WHAT IS NEEDED —
Give back every line of the material exactly. Skip the pictures.

EXCERPTED DATA —
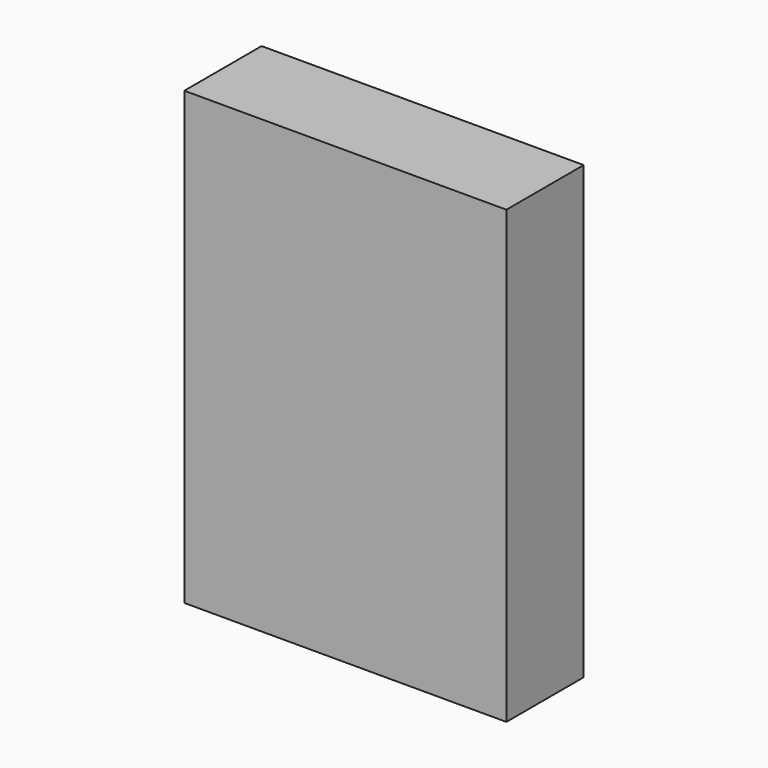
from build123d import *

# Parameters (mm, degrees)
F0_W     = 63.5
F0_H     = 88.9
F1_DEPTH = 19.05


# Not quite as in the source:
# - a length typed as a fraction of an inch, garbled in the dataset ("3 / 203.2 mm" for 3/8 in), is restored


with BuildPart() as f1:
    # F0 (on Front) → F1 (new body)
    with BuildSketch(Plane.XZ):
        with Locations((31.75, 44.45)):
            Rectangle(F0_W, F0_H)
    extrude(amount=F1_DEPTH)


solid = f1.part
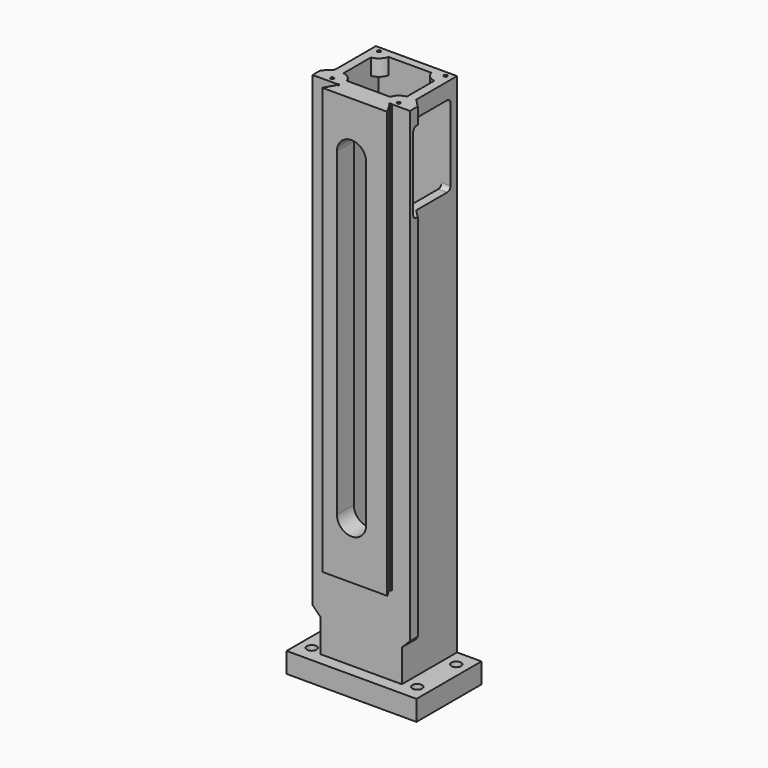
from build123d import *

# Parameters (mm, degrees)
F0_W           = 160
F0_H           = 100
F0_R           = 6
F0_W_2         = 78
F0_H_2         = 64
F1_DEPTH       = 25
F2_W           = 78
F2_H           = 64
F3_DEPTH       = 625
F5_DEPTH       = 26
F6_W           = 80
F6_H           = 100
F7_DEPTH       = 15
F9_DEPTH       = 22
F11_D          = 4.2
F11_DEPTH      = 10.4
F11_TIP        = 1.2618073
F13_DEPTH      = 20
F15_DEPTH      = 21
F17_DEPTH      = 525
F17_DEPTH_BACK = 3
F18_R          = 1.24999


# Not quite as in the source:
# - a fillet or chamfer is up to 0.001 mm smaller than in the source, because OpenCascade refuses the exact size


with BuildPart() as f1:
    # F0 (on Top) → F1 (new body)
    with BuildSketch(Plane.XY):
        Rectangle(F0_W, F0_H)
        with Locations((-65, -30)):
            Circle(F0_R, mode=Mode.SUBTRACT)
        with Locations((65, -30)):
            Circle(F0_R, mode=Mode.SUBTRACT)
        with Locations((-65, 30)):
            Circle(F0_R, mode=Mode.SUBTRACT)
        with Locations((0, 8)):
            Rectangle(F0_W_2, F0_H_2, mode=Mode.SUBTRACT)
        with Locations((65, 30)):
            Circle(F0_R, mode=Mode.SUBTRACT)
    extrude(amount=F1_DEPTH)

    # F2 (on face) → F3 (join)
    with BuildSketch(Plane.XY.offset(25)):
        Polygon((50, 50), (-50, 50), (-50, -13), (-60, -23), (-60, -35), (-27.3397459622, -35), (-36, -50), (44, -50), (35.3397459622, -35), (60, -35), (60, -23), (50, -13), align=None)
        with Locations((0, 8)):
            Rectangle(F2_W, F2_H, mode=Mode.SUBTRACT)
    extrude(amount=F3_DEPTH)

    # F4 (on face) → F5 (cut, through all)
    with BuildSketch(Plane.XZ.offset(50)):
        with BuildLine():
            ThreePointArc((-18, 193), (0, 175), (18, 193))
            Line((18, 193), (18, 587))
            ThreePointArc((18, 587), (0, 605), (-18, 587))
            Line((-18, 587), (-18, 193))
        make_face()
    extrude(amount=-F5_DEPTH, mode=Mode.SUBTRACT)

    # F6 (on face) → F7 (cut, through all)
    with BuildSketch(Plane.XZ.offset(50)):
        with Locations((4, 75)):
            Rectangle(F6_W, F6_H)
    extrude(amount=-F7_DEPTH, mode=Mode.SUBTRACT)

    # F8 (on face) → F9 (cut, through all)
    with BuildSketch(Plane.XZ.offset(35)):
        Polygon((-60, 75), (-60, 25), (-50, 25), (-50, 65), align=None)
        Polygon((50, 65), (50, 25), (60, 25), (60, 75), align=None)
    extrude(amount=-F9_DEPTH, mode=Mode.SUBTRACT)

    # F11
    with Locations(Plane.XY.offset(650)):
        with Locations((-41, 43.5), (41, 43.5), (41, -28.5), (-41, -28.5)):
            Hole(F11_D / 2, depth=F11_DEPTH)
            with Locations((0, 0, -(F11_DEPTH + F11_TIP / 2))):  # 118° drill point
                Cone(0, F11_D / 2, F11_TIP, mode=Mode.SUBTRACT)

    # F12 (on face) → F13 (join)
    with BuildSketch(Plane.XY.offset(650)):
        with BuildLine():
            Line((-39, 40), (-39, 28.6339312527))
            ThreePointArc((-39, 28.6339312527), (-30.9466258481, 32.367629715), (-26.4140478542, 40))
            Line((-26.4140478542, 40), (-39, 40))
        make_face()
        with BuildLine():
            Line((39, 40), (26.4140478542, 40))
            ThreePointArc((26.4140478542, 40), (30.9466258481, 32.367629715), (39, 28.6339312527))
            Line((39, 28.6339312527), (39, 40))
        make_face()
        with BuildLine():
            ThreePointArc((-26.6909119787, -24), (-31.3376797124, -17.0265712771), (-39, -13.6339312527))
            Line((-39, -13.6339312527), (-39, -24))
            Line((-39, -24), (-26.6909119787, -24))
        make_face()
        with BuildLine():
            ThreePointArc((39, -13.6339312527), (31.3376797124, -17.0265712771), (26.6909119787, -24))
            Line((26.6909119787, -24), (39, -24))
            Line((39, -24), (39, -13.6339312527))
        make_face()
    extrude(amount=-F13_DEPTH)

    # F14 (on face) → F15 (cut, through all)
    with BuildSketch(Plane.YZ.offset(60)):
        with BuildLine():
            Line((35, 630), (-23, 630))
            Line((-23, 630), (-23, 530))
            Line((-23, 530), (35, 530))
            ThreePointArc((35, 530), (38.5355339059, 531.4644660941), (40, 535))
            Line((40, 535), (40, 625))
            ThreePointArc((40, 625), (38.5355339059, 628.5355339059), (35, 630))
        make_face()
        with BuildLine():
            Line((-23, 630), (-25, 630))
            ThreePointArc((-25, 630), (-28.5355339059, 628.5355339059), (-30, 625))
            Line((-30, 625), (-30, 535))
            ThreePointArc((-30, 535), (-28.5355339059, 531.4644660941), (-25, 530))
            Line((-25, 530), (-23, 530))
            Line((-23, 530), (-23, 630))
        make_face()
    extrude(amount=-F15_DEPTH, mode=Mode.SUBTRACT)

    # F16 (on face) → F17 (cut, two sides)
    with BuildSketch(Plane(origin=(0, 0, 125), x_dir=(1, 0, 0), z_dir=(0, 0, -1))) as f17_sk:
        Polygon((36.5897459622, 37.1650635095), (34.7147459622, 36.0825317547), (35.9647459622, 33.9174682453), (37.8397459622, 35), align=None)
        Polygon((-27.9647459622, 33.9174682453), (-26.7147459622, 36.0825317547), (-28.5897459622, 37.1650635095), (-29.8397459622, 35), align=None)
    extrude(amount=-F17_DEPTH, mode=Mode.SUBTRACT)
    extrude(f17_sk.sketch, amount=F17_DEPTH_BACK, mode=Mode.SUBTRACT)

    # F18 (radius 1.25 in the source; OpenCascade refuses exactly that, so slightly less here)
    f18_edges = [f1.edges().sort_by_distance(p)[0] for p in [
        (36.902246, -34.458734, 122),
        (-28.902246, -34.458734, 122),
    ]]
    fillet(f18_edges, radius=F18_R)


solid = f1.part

ANSWER FOR THE TASK —
from build123d import *

# Parameters (mm, degrees)
F0_W     = 63.5
F0_H     = 88.9
F1_DEPTH = 19.05


# Not quite as in the source:
# - a length typed as a fraction of an inch, garbled in the dataset ("3 / 203.2 mm" for 3/8 in), is restored


with BuildPart() as f1:
    # F0 (on Front) → F1 (new body)
    with BuildSketch(Plane.XZ):
        with Locations((31.75, 44.45)):
            Rectangle(F0_W, F0_H)
    extrude(amount=F1_DEPTH)


solid = f1.part
from build123d import *

# Parameters (mm, degrees)
F0_W           = 160
F0_H           = 100
F0_R           = 6
F0_W_2         = 78
F0_H_2         = 64
F1_DEPTH       = 25
F2_W           = 78
F2_H           = 64
F3_DEPTH       = 625
F5_DEPTH       = 26
F6_W           = 80
F6_H           = 100
F7_DEPTH       = 15
F9_DEPTH       = 22
F11_D          = 4.2
F11_DEPTH      = 10.4
F11_TIP        = 1.2618073
F13_DEPTH      = 20
F15_DEPTH      = 21
F17_DEPTH      = 525
F17_DEPTH_BACK = 3
F18_R          = 1.24999


# Not quite as in the source:
# - a fillet or chamfer is up to 0.001 mm smaller than in the source, because OpenCascade refuses the exact size


with BuildPart() as f1:
    # F0 (on Top) → F1 (new body)
    with BuildSketch(Plane.XY):
        Rectangle(F0_W, F0_H)
        with Locations((-65, -30)):
            Circle(F0_R, mode=Mode.SUBTRACT)
        with Locations((65, -30)):
            Circle(F0_R, mode=Mode.SUBTRACT)
        with Locations((-65, 30)):
            Circle(F0_R, mode=Mode.SUBTRACT)
        with Locations((0, 8)):
            Rectangle(F0_W_2, F0_H_2, mode=Mode.SUBTRACT)
        with Locations((65, 30)):
            Circle(F0_R, mode=Mode.SUBTRACT)
    extrude(amount=F1_DEPTH)

    # F2 (on face) → F3 (join)
    with BuildSketch(Plane.XY.offset(25)):
        Polygon((50, 50), (-50, 50), (-50, -13), (-60, -23), (-60, -35), (-27.3397459622, -35), (-36, -50), (44, -50), (35.3397459622, -35), (60, -35), (60, -23), (50, -13), align=None)
        with Locations((0, 8)):
            Rectangle(F2_W, F2_H, mode=Mode.SUBTRACT)
    extrude(amount=F3_DEPTH)

    # F4 (on face) → F5 (cut, through all)
    with BuildSketch(Plane.XZ.offset(50)):
        with BuildLine():
            ThreePointArc((-18, 193), (0, 175), (18, 193))
            Line((18, 193), (18, 587))
            ThreePointArc((18, 587), (0, 605), (-18, 587))
            Line((-18, 587), (-18, 193))
        make_face()
    extrude(amount=-F5_DEPTH, mode=Mode.SUBTRACT)

    # F6 (on face) → F7 (cut, through all)
    with BuildSketch(Plane.XZ.offset(50)):
        with Locations((4, 75)):
            Rectangle(F6_W, F6_H)
    extrude(amount=-F7_DEPTH, mode=Mode.SUBTRACT)

    # F8 (on face) → F9 (cut, through all)
    with BuildSketch(Plane.XZ.offset(35)):
        Polygon((-60, 75), (-60, 25), (-50, 25), (-50, 65), align=None)
        Polygon((50, 65), (50, 25), (60, 25), (60, 75), align=None)
    extrude(amount=-F9_DEPTH, mode=Mode.SUBTRACT)

    # F11
    with Locations(Plane.XY.offset(650)):
        with Locations((-41, 43.5), (41, 43.5), (41, -28.5), (-41, -28.5)):
            Hole(F11_D / 2, depth=F11_DEPTH)
            with Locations((0, 0, -(F11_DEPTH + F11_TIP / 2))):  # 118° drill point
                Cone(0, F11_D / 2, F11_TIP, mode=Mode.SUBTRACT)

    # F12 (on face) → F13 (join)
    with BuildSketch(Plane.XY.offset(650)):
        with BuildLine():
            Line((-39, 40), (-39, 28.6339312527))
            ThreePointArc((-39, 28.6339312527), (-30.9466258481, 32.367629715), (-26.4140478542, 40))
            Line((-26.4140478542, 40), (-39, 40))
        make_face()
        with BuildLine():
            Line((39, 40), (26.4140478542, 40))
            ThreePointArc((26.4140478542, 40), (30.9466258481, 32.367629715), (39, 28.6339312527))
            Line((39, 28.6339312527), (39, 40))
        make_face()
        with BuildLine():
            ThreePointArc((-26.6909119787, -24), (-31.3376797124, -17.0265712771), (-39, -13.6339312527))
            Line((-39, -13.6339312527), (-39, -24))
            Line((-39, -24), (-26.6909119787, -24))
        make_face()
        with BuildLine():
            ThreePointArc((39, -13.6339312527), (31.3376797124, -17.0265712771), (26.6909119787, -24))
            Line((26.6909119787, -24), (39, -24))
            Line((39, -24), (39, -13.6339312527))
        make_face()
    extrude(amount=-F13_DEPTH)

    # F14 (on face) → F15 (cut, through all)
    with BuildSketch(Plane.YZ.offset(60)):
        with BuildLine():
            Line((35, 630), (-23, 630))
            Line((-23, 630), (-23, 530))
            Line((-23, 530), (35, 530))
            ThreePointArc((35, 530), (38.5355339059, 531.4644660941), (40, 535))
            Line((40, 535), (40, 625))
            ThreePointArc((40, 625), (38.5355339059, 628.5355339059), (35, 630))
        make_face()
        with BuildLine():
            Line((-23, 630), (-25, 630))
            ThreePointArc((-25, 630), (-28.5355339059, 628.5355339059), (-30, 625))
            Line((-30, 625), (-30, 535))
            ThreePointArc((-30, 535), (-28.5355339059, 531.4644660941), (-25, 530))
            Line((-25, 530), (-23, 530))
            Line((-23, 530), (-23, 630))
        make_face()
    extrude(amount=-F15_DEPTH, mode=Mode.SUBTRACT)

    # F16 (on face) → F17 (cut, two sides)
    with BuildSketch(Plane(origin=(0, 0, 125), x_dir=(1, 0, 0), z_dir=(0, 0, -1))) as f17_sk:
        Polygon((36.5897459622, 37.1650635095), (34.7147459622, 36.0825317547), (35.9647459622, 33.9174682453), (37.8397459622, 35), align=None)
        Polygon((-27.9647459622, 33.9174682453), (-26.7147459622, 36.0825317547), (-28.5897459622, 37.1650635095), (-29.8397459622, 35), align=None)
    extrude(amount=-F17_DEPTH, mode=Mode.SUBTRACT)
    extrude(f17_sk.sketch, amount=F17_DEPTH_BACK, mode=Mode.SUBTRACT)

    # F18 (radius 1.25 in the source; OpenCascade refuses exactly that, so slightly less here)
    f18_edges = [f1.edges().sort_by_distance(p)[0] for p in [
        (36.902246, -34.458734, 122),
        (-28.902246, -34.458734, 122),
    ]]
    fillet(f18_edges, radius=F18_R)


solid = f1.part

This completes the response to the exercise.